New UE Local 160 members ...
Dir. of Org. Bob Kingsley (under the second umbrella from right) with new UE members.

Rain fell here on April 9, bringing a brief respite to drought-plagued western Virginia. Workers at Western State Hospital are expecting the new UE local chartered that damp Tuesday will bring long-term relief to the drought of adequate wages, staffing levels and employee voice at the mental-care facility.

UE Local 160, Virginia Public Service Workers Union, more than 200-members strong, received its charter from Dir. of Org. Bob Kingsley during a day of action and solidarity expressing the new local union’s demand for "quality care and livable wages."

The organizing effort at Western State Hospital began in August 2001 when officers of a discredited incumbent union approached UE. In the intervening half-year, union membership in the hospital doubled.

'NIGHTMARE' ISSUES

Worker concerns with understaffing — an issue of patient care and worker safety — has helped drive the organizing, along with widespread dissatisfaction with the hospital’s "centralized scheduling" system. Since UE has been in the hospital, management hired six new floaters to help with the shortage — a step which doesn’t go far enough, workers say.

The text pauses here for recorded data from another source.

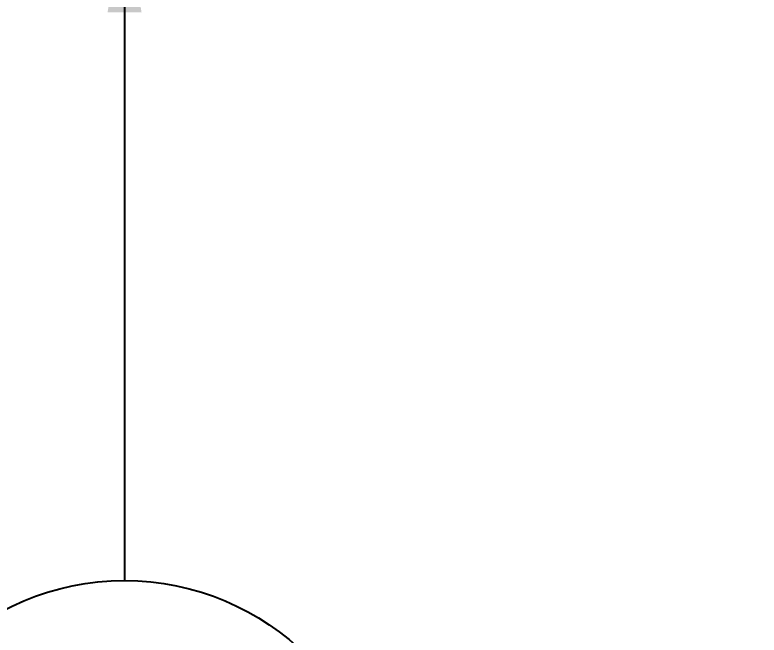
# Model space of a CAD drawing. Header units: metres. Extents: x 0 to 21025, y 0 to 14850.
# Drawn here: x 6086.7 to 6446.3, y 8695.6 to 8995.4 of the extents above; entities that cross this region are included whole.
import ezdxf
from ezdxf.enums import TextEntityAlignment as Align

# ---------------------------------------------------------------- set-up
doc = ezdxf.new("R2010")
doc.units = ezdxf.units.M
doc.header["$LTSCALE"] = 25
for name, color, linetype in [('GSB', 7, 'Continuous'), ('SDM', 7, 'Continuous'), ('SL1', 8, 'Continuous')]:
    doc.layers.add(name, color=color, linetype=linetype)
doc.styles.add('R140', font='simplex.shx', dxfattribs={"height": 3.5})
doc.styles.add('ROMANS', font='ROMANS.SHX')
doc.dimstyles.new('25___1-25', dxfattribs={"dimscale": 25, "dimtxt": 2.5, "dimasz": 2, "dimexe": 1.5, "dimexo": 1, "dimgap": 0.5, "dimtad": 1, "dimzin": 12, "dimtxsty": 'ROMANS', "dimcen": 0, "dimclrd": 256, "dimclre": 256, "dimclrt": 3, "dimazin": 3, "dimtfac": 1, "dimtmove": 0, "dimatfit": 0, "dimfxl": 1, "dimlwd": -1, "dimlwe": -1, "dimarcsym": 0})

# ---------------------------------------------------------------- blocks, each defined once
blk = doc.blocks.new('INDICACAO_EIXO')
at = {"layer": 'GSB', "color": 3}
blk.add_circle((0, 0), 5, dxfattribs=at)

msp = doc.modelspace()

# ---------------------------------------------------------------- linework, layer by layer
at = {"layer": 'SL1'}
for radius, start, end in [(1215.5, 107.106787, 166.785047), (1170.7, 106.690475, 164.690823), (1164.35, 106.913784, 164.513299), (1158.35, 107.10294, 164.435358)]:
    msp.add_arc((6782.517, 8419.394), radius, start, end, dxfattribs=at)

# ---------------------------------------------------------------- block references
at = {"layer": 'GSB'}
ref = msp.add_blockref('INDICACAO_EIXO', (6139.671, 8597.009), dxfattribs=dict(at, xscale=24.99999999999972, yscale=24.99999999999972, zscale=24.99999999999972))
ref.add_attrib('EIXO', '20', dxfattribs={"color": 4, "height": 87.5, "style": 'R140'}).set_placement((6139.671, 8597.009), align=Align.MIDDLE_CENTER)

# ---------------------------------------------------------------- leaders
at = {"layer": 'SDM'}
msp.add_leader([(6139.737, 9046.619), (6139.671, 8722.009)], dimstyle='25___1-25', override={"dimgap": 0.5, "dimtad": 0}, dxfattribs=at)

doc.saveas('drawing.dxf')
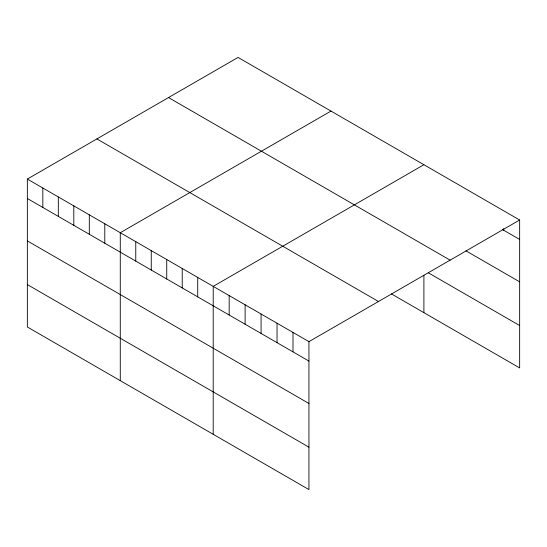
<?xml version="1.0" encoding="UTF-8"?>
<svg xmlns="http://www.w3.org/2000/svg" width="547" height="547" viewBox="0 0 547 547"><rect width="100%" height="100%" fill="white"/><g stroke="black" fill="none" stroke-linecap="round" stroke-linejoin="round"><path stroke-width="0.82" d="M27.35 179.067L308.946 341.649L308.946 489.579L27.35 326.997L27.35 179.067L238.054 57.421L519.65 220.003L519.65 367.933L391.454 293.917M330.976 111.075L120.278 232.721L120.278 380.65M423.904 164.722L213.207 286.368L213.207 434.304M308.946 341.649L519.65 220.003M502.242 229.391L519.65 239.442M465.976 250.854L519.65 281.842M168.517 97.564L450.119 260.146M428.26 272.768L519.65 325.527M96.881 138.924L378.483 301.506M27.35 198.506L308.946 361.088M27.35 240.912L308.946 403.488M27.35 284.597L308.946 447.179M503.691 228.537L503.691 230.232M423.904 275.244L423.904 312.652M292.994 332.432L292.994 351.878M277.035 323.222L277.035 342.661M261.076 314.012L261.076 333.451M245.118 304.795L245.118 324.241M229.166 295.585L229.166 315.024M197.72 277.432L197.72 296.871M182.226 268.488L182.226 287.927M166.739 259.545L166.739 278.984M151.252 250.601L151.252 270.047M135.765 241.665L135.765 261.104M104.792 223.778L104.792 243.217M89.305 214.834L89.305 234.28M73.811 205.891L73.811 225.337M58.324 196.954L58.324 216.393M42.837 188.011L42.837 207.45"/></g></svg>

The scheduling system puts most employees into a central pool that allows administrators to shift workers from ward to ward as needed, on a daily basis.

Hospital employees regard the new plan as a nightmare that places them at risk while stirring patients’ anxiety. They say lack of staff interaction with individual patients — especially unfamiliarity with warning signs and treatment plans — can have dangerous consequences.

"All it does is make the numbers look good. It doesn’t do anything for the care of the patient, and it might get one of us seriously hurt one of these days," says Mary Awkward, a union member and psychiatric practical nurse.

WAGES

Wages represent another worker issue. Many employees with 10-20 years’ service are paid significantly less than their new-hire counterparts. Senior employees have been told that they can win themselves a pay increase by quitting and reapplying. Western State staff have not received a raise in five of the last six years and will not see another until the end of 2003.

Union members brought these issues to the attention of management and taxpayers with a rally on April 9. Despite the downpour, a lively crowd of UE Local 160 members gathered outside the hospital’s entrance, joined by Local 123 members Paul Lynn, Danny "Beetle" Bailey and Theresa Hall, Area NAACP Chairperson Eicky Woodson, former Local 124 Pres. Bob Holbert, Green Party candidate Sherry Stanley, retired UE Field Org. George Stevens, Andrew Holden of the Virginia Organizing Project and Jens Huhn of the Transnational Information Exchange.